For which prime numbers $p$ is $\cos(2\pi/p)$ irrational? I am beginner in field extension theory. But I have not learnt Galois theory. I need to solve the following problem:
For which prime numbers $p$ is $$\cos\left(\frac{2 \pi}{p}\right)$$ irrational?
I have spent some time on this question. But I did not make much progress. If someone could provide a full solution, that would be great. But hints will be appreciated as well. Thanks so much.
 A: Extanded hints:


*

*Undoubtedly you know that the cyclotomic field $L=\Bbb{Q}(\zeta_p)$, with $\zeta_p=e^{2\pi i/p}$ is a degree $p-1$ extension of the rationals.

*You also probably know that $K=\Bbb{Q}(\cos(2\pi/p))$ is a subfield of $L$, because $\zeta_p+\zeta_p^{-1}=2\cos(2\pi/p)$.

*The previous equation also shows that $\zeta_p$ is a zero of the polynomial $m(x)=x^2-2\cos(2\pi/p)x+1\in K[x]$.

*Therefore $[L:K]=$______ , and $[K:\Bbb{Q}]=$_______ (you fill in the blanks).
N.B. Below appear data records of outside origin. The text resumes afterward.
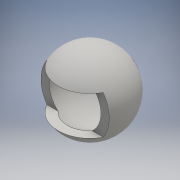
# Autodesk Inventor part: шар
Saved by Autodesk Inventor 2016 (Build 200138000, 138)
## iProperties
Created: 2016-10-19
Part Number: шар
Material: Типовые
Document SubType Name: Modeling
Designer: Student
Density: 1 g/cm^3
Appearance: По умолчанию
Mass: 22.7179 g
Surface Area: 104.585 cm^2
Volume: 22.7179 cm^3
Author: Student
Autodesk Inventor part; units mm, degrees
ref_plane "XY Plane" through (0, 0, 0) normal (0, 0, 1) x (1, 0, 0)
sketch "Эскиз1" plane through (0, 0, 0) normal (0, 0, 1) x (1, 0, 0)
  arc A0 (0, -25) -> (0, 25) centre (0, 0) ccw
  arc A1 (0, -20) -> (0, 20) centre (0, 0) ccw
  line L0 (0, 25) -> (0, 20)
  line L1 (0, -25) -> (0, -20)
  constraints: 4 end point, 4 point on circle, 2 centre point, 2 coincident, 2 point on line, 1 vertical
revolve "Вращение1" add sketch "Эскиз1" angle 360 about axis through (0, -25, 0) along (0, 1, 0)
ref_plane "РабПлоскость1" through (0, 50, 0) normal (0, 1, 0) x (-1, 0, 0)
sketch "Эскиз2" plane through (0, 50, 0) normal (0, 1, 0) x (-1, 0, 0)
  circle A0 centre (0, 0) radius 13
  dimension "d4" = 26
  constraints: 1 centre point, 1 coincident
  measures "d4" diameter of A0
extrude "Выдавливание1" cut sketch "Эскиз2" against normal blind 100
ref_plane "РабПлоскость2" through (25, 0, 0) normal (1, 0, 0) x (0, 1, 0)
sketch "Эскиз3" plane through (25, 0, 0) normal (1, 0, 0) x (0, 1, 0)
  line L0 (-10, 13) -> (-29.0962, 13)
  line L1 (-29.0962, 13) -> (-29.0962, -13)
  line L2 (-29.0962, -13) -> (-10, -13)
  line L3 (-10, -13) -> (-10, 13)
  point P0 (0, 0)
  constraints: 8 end point, 2 parallel, 1 horizontal, 1 perpendicular
extrude "Выдавливание2" cut sketch "Эскиз3" against normal blind 100

A: We may assume $p>2$ without loss of generality ($\cos\pi$ is rational, of course).
$\cos\left(\frac{2\pi}{p}\right)$ is a root of a Chebyshev polynomial and $\cos\left(\frac{2\pi k}{p}\right)$, for $k=1,2,\ldots,\frac{p-1}{2}$, are algebraic conjugates. If you prove that the previous Chebyshev polynomial is an irreducible polynomial (by proving it is the minimal polynomial for $\cos\left(\frac{2\pi}{p}\right)$, or by relating it with a cyclotomic polynomial), you get that $\cos\left(\frac{2\pi}{p}\right)$ is an algebraic number of degree $\frac{p-1}{2}$ over $\mathbb{Q}$. It follows that $\cos\left(\frac{2\pi}{3}\right)$ belongs to $\mathbb{Q}$ only if $p=2$ or $p=3$.